Allgemein stellte Leichtfried fest, die Maut in Österreich funktioniere gut. Im Zuge der neuen Wegekostenrichtlinie
führe man Gespräche, um noch mehr Möglichkeiten zu bekommen.
EU-Vorstoß für emissionsarme Mobilität verbunden mit Innovation und Wirtschaftlichkeit
Mit der im Juli dieses Jahres verabschiedeten europäischen Strategie für emissionsarme Mobilität
will die Kommission Leitprinzipien für die Mitgliedstaaten erstellen, die sowohl der Notwendigkeit der Reduktion
von Schadstoffemissionen als auch der der Stärkung der Wettbewerbsfähigkeit und dem Mobilitätsbedarf
von Menschen und Gütern Rechnung trägt. Die Strategie ist als ein Instrument gedacht, um die europäische
Wirtschaft zu modernisieren und den Binnenmarkt zu stärken. Die Kommission wendet mit dieser Strategie aber
auch den Blick auf die Bürgerinnen und Bürger, die von einer besseren Luftqualität, weniger Lärm,
mehr Verkehrsentlastung und mehr Sicherheit sowie von effizienteren und sparsameren Kraftfahrzeugen profitieren
sollen. Die Strategie stützt sich auf bestehende Mechanismen und Fonds, wobei die aktuelle Investitionsoffensive
für Europa eine wichtige Rolle spielt.
Bundesminister Jörg Leichtfried begrüßte die Rahmenstrategie als wichtigen Beitrag zur Dekarbonisierung
des Verkehrssektors bis zum Jahr 2050. Die EU-Maßnahmen müssen selbstverständlich durch nationale
Schritte ergänzt werden, sagte der Minister, der diesen Schwerpunkt auch als eine große Chance für
die österreichische Wirtschaft bezeichnete. Österreich hat als Beitrag zur Erreichung der Ziele des Pariser
Klimavertrags bereits im Dezember des Vorjahres einen Strategierahmen "Saubere Energie im Verkehr" erstellt.
Leichtfried: E-Mobilität bedarf einer ökologischen Energiestrategie
Trotz der positiven Bewertung äußerte Leichtfried aber auch Zweifel an der Durchsetzung, da immer
wieder eine Divergenz zwischen Ambitionen und tatsächlicher Politik bei der EU-Kommission zu bemerken sei.

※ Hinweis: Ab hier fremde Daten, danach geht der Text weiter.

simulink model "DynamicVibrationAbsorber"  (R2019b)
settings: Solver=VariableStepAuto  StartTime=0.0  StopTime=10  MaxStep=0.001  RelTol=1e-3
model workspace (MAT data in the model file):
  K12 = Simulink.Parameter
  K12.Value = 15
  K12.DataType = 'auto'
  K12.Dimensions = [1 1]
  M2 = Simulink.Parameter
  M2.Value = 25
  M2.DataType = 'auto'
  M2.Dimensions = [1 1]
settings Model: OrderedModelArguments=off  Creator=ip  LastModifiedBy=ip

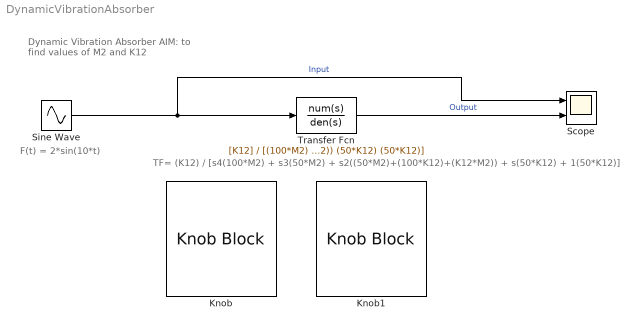
== system DynamicVibrationAbsorber ==
  note: Dynamic Vibration Absorber
      | AIM: to find values of M2 and K12
  note: TF= (K12) / [s4(100*M2) + s3(50*M2) + s2((50*M2)+(100*K12)+(K12*M2)) + s(50*K12) + 1(50*K12)]
  note: F(t) = 2*sin(10*t)
  Knob : KnobBlock
  Knob1 : KnobBlock
  Scope : Scope  NumInputPorts=2
  Sine Wave : Sin  Amplitude=2  Frequency=10  SampleTime=0
  Transfer Fcn : TransferFcn  Numerator=[K12]  Denominator=[(100*M2) (50*M2) ((50*M2)+(100*K12)+(K12*M2)) (50*K12) (50*K12)]
  wires:
  Sine Wave/1 -> Scope/1, Transfer Fcn/1  "Input"
  Transfer Fcn/1 -> Scope/2  "Output"

Das sehe man beispielsweise auch beim positiven Zugang der Kommission zu den Gigalinern. Intensiv werde derzeit
auch die neue Wegekostenrichtlinie diskutiert, insbesondere über von Emissionsklassen abhängige Mauten.
Es sei aber noch nicht klar, in welche Richtung das Ganze gehen soll.
Teilweise wurde in der Debatte auch die Befürchtung geäußert, dass durch den zusätzlichen
Strombedarf für die E-Mobilität der Atomstrom als vermeintlich saubere Energie gefördert werden
könnte (Franz Leonhard Eßl (V) und Christian Hafenecker (F)). Die Bedenken konnte der Minister nicht
ausräumen, da man in Europa anders denkt und der Atomstrom weitgehend als sauber anerkannt ist. Grundsätzlich
merkte er an, dass die E-Mobilität auch einer Energiestrategie bedarf, und zwar mit Schwerpunkt einer ökologisierten
Energie.
Leichtfried sah den Wandel, auch wenn er langsam vorangeht, als eine zusätzliche Chance und für Österreich
wird es ihm zufolge darum gehen, dabei vorne und Taktgeber zu sein. Als wesentliche Faktoren dabei sieht er die
Forschungsförderung und die Forschungsprämie. Leichtfried wandte sich auch entschieden dagegen, bestimmte
technische Lösungen vorzuschreiben, festgelegt werden sollten lediglich Grenzwerte. Die Technologieneutralität
sei ihm ein besonderes Anliegen, stellte er fest.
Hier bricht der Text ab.